## Exercise
Please return the lines below verbatim, beginning at the one that has "#75=ORIENTED_EDGE('',*,*,#74,.T.);" and stopping after the one that has "#105=ORIENTED_EDGE('',*,*,#104,.T.);", and add no other lines.

----- Input data -----

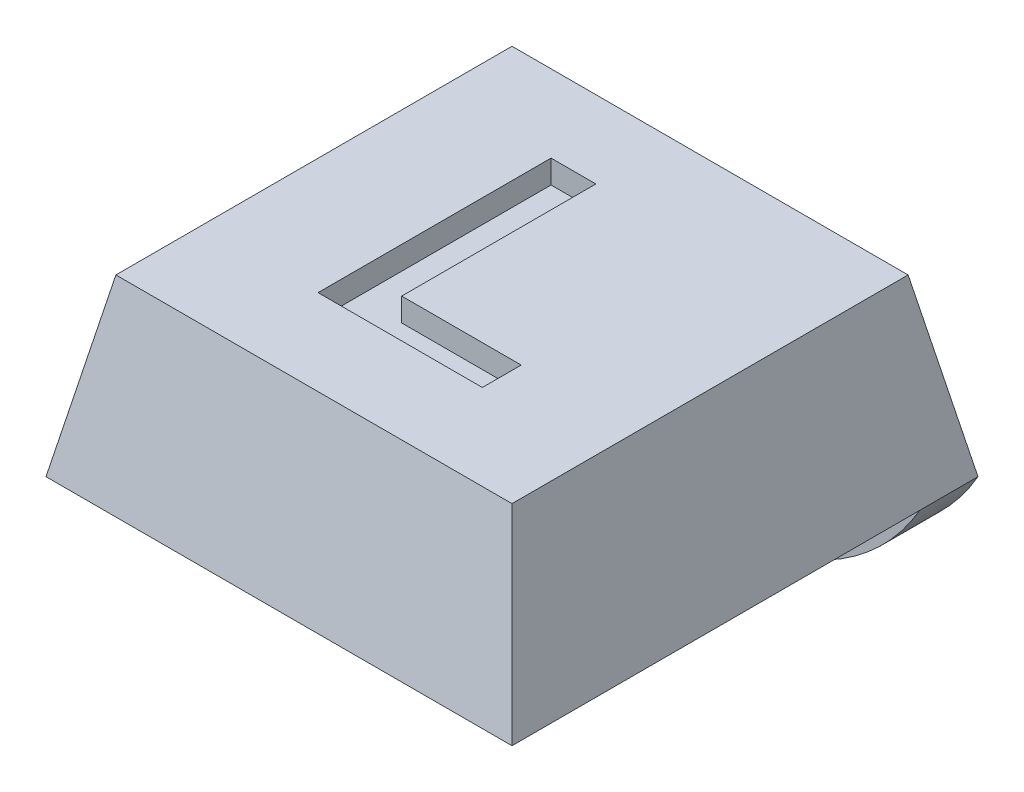
ISO-10303-21;
HEADER;
FILE_DESCRIPTION(('STEP AP214'),'2;1');
FILE_NAME('part.step','',(''),(''),'','','');
FILE_SCHEMA(('AUTOMOTIVE_DESIGN { 1 0 10303 214 1 1 1 1 }'));
ENDSEC;
DATA;
#1=APPLICATION_CONTEXT('core data for automotive mechanical design processes');
#2=APPLICATION_PROTOCOL_DEFINITION('international standard','automotive_design',2000,#1);
#3=PRODUCT_CONTEXT('',#1,'mechanical');
#4=PRODUCT('Part','Part','',(#3));
#5=PRODUCT_RELATED_PRODUCT_CATEGORY('part','',(#4));
#6=PRODUCT_DEFINITION_FORMATION('','',#4);
#7=PRODUCT_DEFINITION_CONTEXT('part definition',#1,'design');
#8=PRODUCT_DEFINITION('design','',#6,#7);
#9=PRODUCT_DEFINITION_SHAPE('','',#8);
#10=(LENGTH_UNIT() NAMED_UNIT(*) SI_UNIT(.MILLI.,.METRE.));
#11=(NAMED_UNIT(*) PLANE_ANGLE_UNIT() SI_UNIT($,.RADIAN.));
#12=(NAMED_UNIT(*) SI_UNIT($,.STERADIAN.) SOLID_ANGLE_UNIT());
#13=UNCERTAINTY_MEASURE_WITH_UNIT(LENGTH_MEASURE(1.E-05),#10,'distance_accuracy_value','');
#14=(GEOMETRIC_REPRESENTATION_CONTEXT(3) GLOBAL_UNCERTAINTY_ASSIGNED_CONTEXT((#13)) GLOBAL_UNIT_ASSIGNED_CONTEXT((#10,
#11,#12)) REPRESENTATION_CONTEXT('',''));
#15=CARTESIAN_POINT('',(0.,0.,0.));
#16=DIRECTION('',(0.,0.,1.));
#17=DIRECTION('',(1.,0.,0.));
#18=AXIS2_PLACEMENT_3D('',#15,#16,#17);
#19=CARTESIAN_POINT('',(0.,3.,0.));
#20=DIRECTION('',(0.,-1.,0.));
#21=DIRECTION('',(0.,0.,-1.));
#22=AXIS2_PLACEMENT_3D('',#19,#20,#21);
#23=PLANE('',#22);
#24=DIRECTION('',(-1.,0.,0.));
#25=VECTOR('',#24,1.);
#26=CARTESIAN_POINT('',(11.,3.,-0.6));
#27=LINE('',#26,#25);
#28=CARTESIAN_POINT('',(7.4,3.,-0.6));
#29=VERTEX_POINT('',#28);
#30=CARTESIAN_POINT('',(0.6,3.,-0.6));
#31=VERTEX_POINT('',#30);
#32=EDGE_CURVE('E193',#29,#31,#27,.T.);
#33=ORIENTED_EDGE('',*,*,#32,.F.);
#34=DIRECTION('',(0.,0.,1.));
#35=VECTOR('',#34,1.);
#36=CARTESIAN_POINT('',(7.4,3.,-8.));
#37=LINE('',#36,#35);
#38=CARTESIAN_POINT('',(7.4,3.,-7.4));
#39=VERTEX_POINT('',#38);
#40=EDGE_CURVE('E206',#39,#29,#37,.T.);
#41=ORIENTED_EDGE('',*,*,#40,.F.);
#42=DIRECTION('',(-1.,0.,0.));
#43=VECTOR('',#42,1.);
#44=CARTESIAN_POINT('',(11.,3.,-7.4));
#45=LINE('',#44,#43);
#46=CARTESIAN_POINT('',(0.599999999999999,3.,-7.4));
#47=VERTEX_POINT('',#46);
#48=EDGE_CURVE('E189',#39,#47,#45,.T.);
#49=ORIENTED_EDGE('',*,*,#48,.T.);
#50=DIRECTION('',(0.,0.,1.));
#51=VECTOR('',#50,1.);
#52=CARTESIAN_POINT('',(0.6,3.,-8.));
#53=LINE('',#52,#51);
#54=EDGE_CURVE('E209',#47,#31,#53,.T.);
#55=ORIENTED_EDGE('',*,*,#54,.T.);
#56=EDGE_LOOP('',(#33,#41,#49,#55));
#57=FACE_BOUND('',#56,.T.);
#58=DIRECTION('',(-1.,0.,0.));
#59=VECTOR('',#58,1.);
#60=CARTESIAN_POINT('',(5.41871403816439,3.,-2.07225420999487));
#61=LINE('',#60,#59);
#62=CARTESIAN_POINT('',(5.41871403816439,3.,-2.07225420999487));
#63=VERTEX_POINT('',#62);
#64=CARTESIAN_POINT('',(2.59820121765157,3.,-2.07225420999487));
#65=VERTEX_POINT('',#64);
#66=EDGE_CURVE('E58',#63,#65,#61,.T.);
#67=ORIENTED_EDGE('',*,*,#66,.T.);
#68=DIRECTION('',(0.,0.,-1.));
#69=VECTOR('',#68,1.);
#70=CARTESIAN_POINT('',(2.59820121765157,3.,-2.07225420999487));
#71=LINE('',#70,#69);
#72=CARTESIAN_POINT('',(2.59820121765157,3.,-6.07225420999487));
#73=VERTEX_POINT('',#72);
#74=EDGE_CURVE('E161',#65,#73,#71,.T.);
#75=ORIENTED_EDGE('',*,*,#74,.T.);
#76=DIRECTION('',(1.,0.,0.));
#77=VECTOR('',#76,1.);
#78=CARTESIAN_POINT('',(2.59820121765157,3.,-6.07225420999487));
#79=LINE('',#78,#77);
#80=CARTESIAN_POINT('',(3.36743198688234,3.,-6.07225420999487));
#81=VERTEX_POINT('',#80);
#82=EDGE_CURVE('E524',#73,#81,#79,.T.);
#83=ORIENTED_EDGE('',*,*,#82,.T.);
#84=DIRECTION('',(0.,0.,1.));
#85=VECTOR('',#84,1.);
#86=CARTESIAN_POINT('',(3.36743198688234,3.,-6.07225420999487));
#87=LINE('',#86,#85);
#88=CARTESIAN_POINT('',(3.36743198688234,3.,-2.73892087666153));
#89=VERTEX_POINT('',#88);
#90=EDGE_CURVE('E519',#81,#89,#87,.T.);
#91=ORIENTED_EDGE('',*,*,#90,.T.);
#92=DIRECTION('',(1.,0.,0.));
#93=VECTOR('',#92,1.);
#94=CARTESIAN_POINT('',(3.36743198688234,3.,-2.73892087666153));
#95=LINE('',#94,#93);
#96=CARTESIAN_POINT('',(5.41871403816439,3.,-2.73892087666153));
#97=VERTEX_POINT('',#96);
#98=EDGE_CURVE('E513',#89,#97,#95,.T.);
#99=ORIENTED_EDGE('',*,*,#98,.T.);
#100=DIRECTION('',(0.,0.,1.));
#101=VECTOR('',#100,1.);
#102=CARTESIAN_POINT('',(5.41871403816439,3.,-2.73892087666153));
#103=LINE('',#102,#101);
#104=EDGE_CURVE('E157',#97,#63,#103,.T.);
#105=ORIENTED_EDGE('',*,*,#104,.T.);
#106=EDGE_LOOP('',(#67,#75,#83,#91,#99,#105));
#107=FACE_BOUND('',#106,.T.);
#108=ADVANCED_FACE('F42',(#57,#107),#23,.F.);
#109=CARTESIAN_POINT('',(8.,0.,-8.));
#110=DIRECTION('',(-0.98058067569092,-0.196116135138184,0.));
#111=DIRECTION('',(0.196116135138184,-0.98058067569092,0.));
#112=AXIS2_PLACEMENT_3D('',#109,#110,#111);
#113=PLANE('',#112);
#114=DIRECTION('',(-0.192450089729875,0.962250448649376,-0.192450089729875));
#115=VECTOR('',#114,1.);
#116=CARTESIAN_POINT('',(7.7037037037037,1.48148148148148,-0.296296296296296));
#117=LINE('',#116,#115);
#118=CARTESIAN_POINT('',(8.,0.,0.));
#119=VERTEX_POINT('',#118);
#120=EDGE_CURVE('E203',#119,#29,#117,.T.);
#121=ORIENTED_EDGE('',*,*,#120,.F.);
#122=DIRECTION('',(0.,0.,-1.));
#123=VECTOR('',#122,1.);
#124=CARTESIAN_POINT('',(8.,0.,0.));
#125=LINE('',#124,#123);
#126=CARTESIAN_POINT('',(8.,0.,-7.));
#127=VERTEX_POINT('',#126);
#128=EDGE_CURVE('E222',#119,#127,#125,.T.);
#129=ORIENTED_EDGE('',*,*,#128,.T.);
#130=DIRECTION('',(0.,0.,1.));
#131=VECTOR('',#130,1.);
#132=CARTESIAN_POINT('',(8.,0.,-8.));
#133=LINE('',#132,#131);
#134=CARTESIAN_POINT('',(8.,0.,-8.));
#135=VERTEX_POINT('',#134);
#136=EDGE_CURVE('E163',#135,#127,#133,.T.);
#137=ORIENTED_EDGE('',*,*,#136,.F.);
#138=DIRECTION('',(0.192450089729875,-0.962250448649376,-0.192450089729875));
#139=VECTOR('',#138,1.);
#140=CARTESIAN_POINT('',(8.,0.,-8.));
#141=LINE('',#140,#139);
#142=EDGE_CURVE('E196',#39,#135,#141,.T.);
#143=ORIENTED_EDGE('',*,*,#142,.F.);
#144=ORIENTED_EDGE('',*,*,#40,.T.);
#145=EDGE_LOOP('',(#121,#129,#137,#143,#144));
#146=FACE_BOUND('',#145,.T.);
#147=ADVANCED_FACE('F290',(#146),#113,.F.);
#148=CARTESIAN_POINT('',(0.,0.,-8.));
#149=DIRECTION('',(0.98058067569092,-0.196116135138184,0.));
#150=DIRECTION('',(0.196116135138184,0.98058067569092,0.));
#151=AXIS2_PLACEMENT_3D('',#148,#149,#150);
#152=PLANE('',#151);
#153=DIRECTION('',(-0.192450089729875,-0.962250448649376,0.192450089729875));
#154=VECTOR('',#153,1.);
#155=CARTESIAN_POINT('',(0.296296296296296,1.48148148148148,-0.296296296296296));
#156=LINE('',#155,#154);
#157=CARTESIAN_POINT('',(0.,0.,0.));
#158=VERTEX_POINT('',#157);
#159=EDGE_CURVE('E250',#31,#158,#156,.T.);
#160=ORIENTED_EDGE('',*,*,#159,.F.);
#161=ORIENTED_EDGE('',*,*,#54,.F.);
#162=DIRECTION('',(0.192450089729875,0.962250448649376,0.192450089729875));
#163=VECTOR('',#162,1.);
#164=CARTESIAN_POINT('',(0.,0.,-8.));
#165=LINE('',#164,#163);
#166=CARTESIAN_POINT('',(0.,0.,-8.));
#167=VERTEX_POINT('',#166);
#168=EDGE_CURVE('E221',#167,#47,#165,.T.);
#169=ORIENTED_EDGE('',*,*,#168,.F.);
#170=DIRECTION('',(0.,0.,1.));
#171=VECTOR('',#170,1.);
#172=CARTESIAN_POINT('',(0.,0.,0.));
#173=LINE('',#172,#171);
#174=CARTESIAN_POINT('',(0.,0.,-7.));
#175=VERTEX_POINT('',#174);
#176=EDGE_CURVE('E226',#167,#175,#173,.T.);
#177=ORIENTED_EDGE('',*,*,#176,.T.);
#178=EDGE_CURVE('E213',#175,#158,#173,.T.);
#179=ORIENTED_EDGE('',*,*,#178,.T.);
#180=EDGE_LOOP('',(#160,#161,#169,#177,#179));
#181=FACE_BOUND('',#180,.T.);
#182=ADVANCED_FACE('F274',(#181),#152,.F.);
#183=CARTESIAN_POINT('',(0.,0.,0.));
#184=DIRECTION('',(0.,-1.,0.));
#185=DIRECTION('',(0.,0.,-1.));
#186=AXIS2_PLACEMENT_3D('',#183,#184,#185);
#187=PLANE('',#186);
#188=DIRECTION('',(-1.,0.,0.));
#189=VECTOR('',#188,1.);
#190=CARTESIAN_POINT('',(0.,0.,-7.));
#191=LINE('',#190,#189);
#192=EDGE_CURVE('E169',#127,#175,#191,.T.);
#193=ORIENTED_EDGE('',*,*,#192,.F.);
#194=ORIENTED_EDGE('',*,*,#128,.F.);
#195=DIRECTION('',(1.,0.,0.));
#196=VECTOR('',#195,1.);
#197=CARTESIAN_POINT('',(0.,0.,0.));
#198=LINE('',#197,#196);
#199=EDGE_CURVE('E223',#158,#119,#198,.T.);
#200=ORIENTED_EDGE('',*,*,#199,.F.);
#201=ORIENTED_EDGE('',*,*,#178,.F.);
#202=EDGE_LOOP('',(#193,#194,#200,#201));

-----

## Exercise output
#75=ORIENTED_EDGE('',*,*,#74,.T.);
#76=DIRECTION('',(1.,0.,0.));
#77=VECTOR('',#76,1.);
#78=CARTESIAN_POINT('',(2.59820121765157,3.,-6.07225420999487));
#79=LINE('',#78,#77);
#80=CARTESIAN_POINT('',(3.36743198688234,3.,-6.07225420999487));
#81=VERTEX_POINT('',#80);
#82=EDGE_CURVE('E524',#73,#81,#79,.T.);
#83=ORIENTED_EDGE('',*,*,#82,.T.);
#84=DIRECTION('',(0.,0.,1.));
#85=VECTOR('',#84,1.);
#86=CARTESIAN_POINT('',(3.36743198688234,3.,-6.07225420999487));
#87=LINE('',#86,#85);
#88=CARTESIAN_POINT('',(3.36743198688234,3.,-2.73892087666153));
#89=VERTEX_POINT('',#88);
#90=EDGE_CURVE('E519',#81,#89,#87,.T.);
#91=ORIENTED_EDGE('',*,*,#90,.T.);
#92=DIRECTION('',(1.,0.,0.));
#93=VECTOR('',#92,1.);
#94=CARTESIAN_POINT('',(3.36743198688234,3.,-2.73892087666153));
#95=LINE('',#94,#93);
#96=CARTESIAN_POINT('',(5.41871403816439,3.,-2.73892087666153));
#97=VERTEX_POINT('',#96);
#98=EDGE_CURVE('E513',#89,#97,#95,.T.);
#99=ORIENTED_EDGE('',*,*,#98,.T.);
#100=DIRECTION('',(0.,0.,1.));
#101=VECTOR('',#100,1.);
#102=CARTESIAN_POINT('',(5.41871403816439,3.,-2.73892087666153));
#103=LINE('',#102,#101);
#104=EDGE_CURVE('E157',#97,#63,#103,.T.);
#105=ORIENTED_EDGE('',*,*,#104,.T.);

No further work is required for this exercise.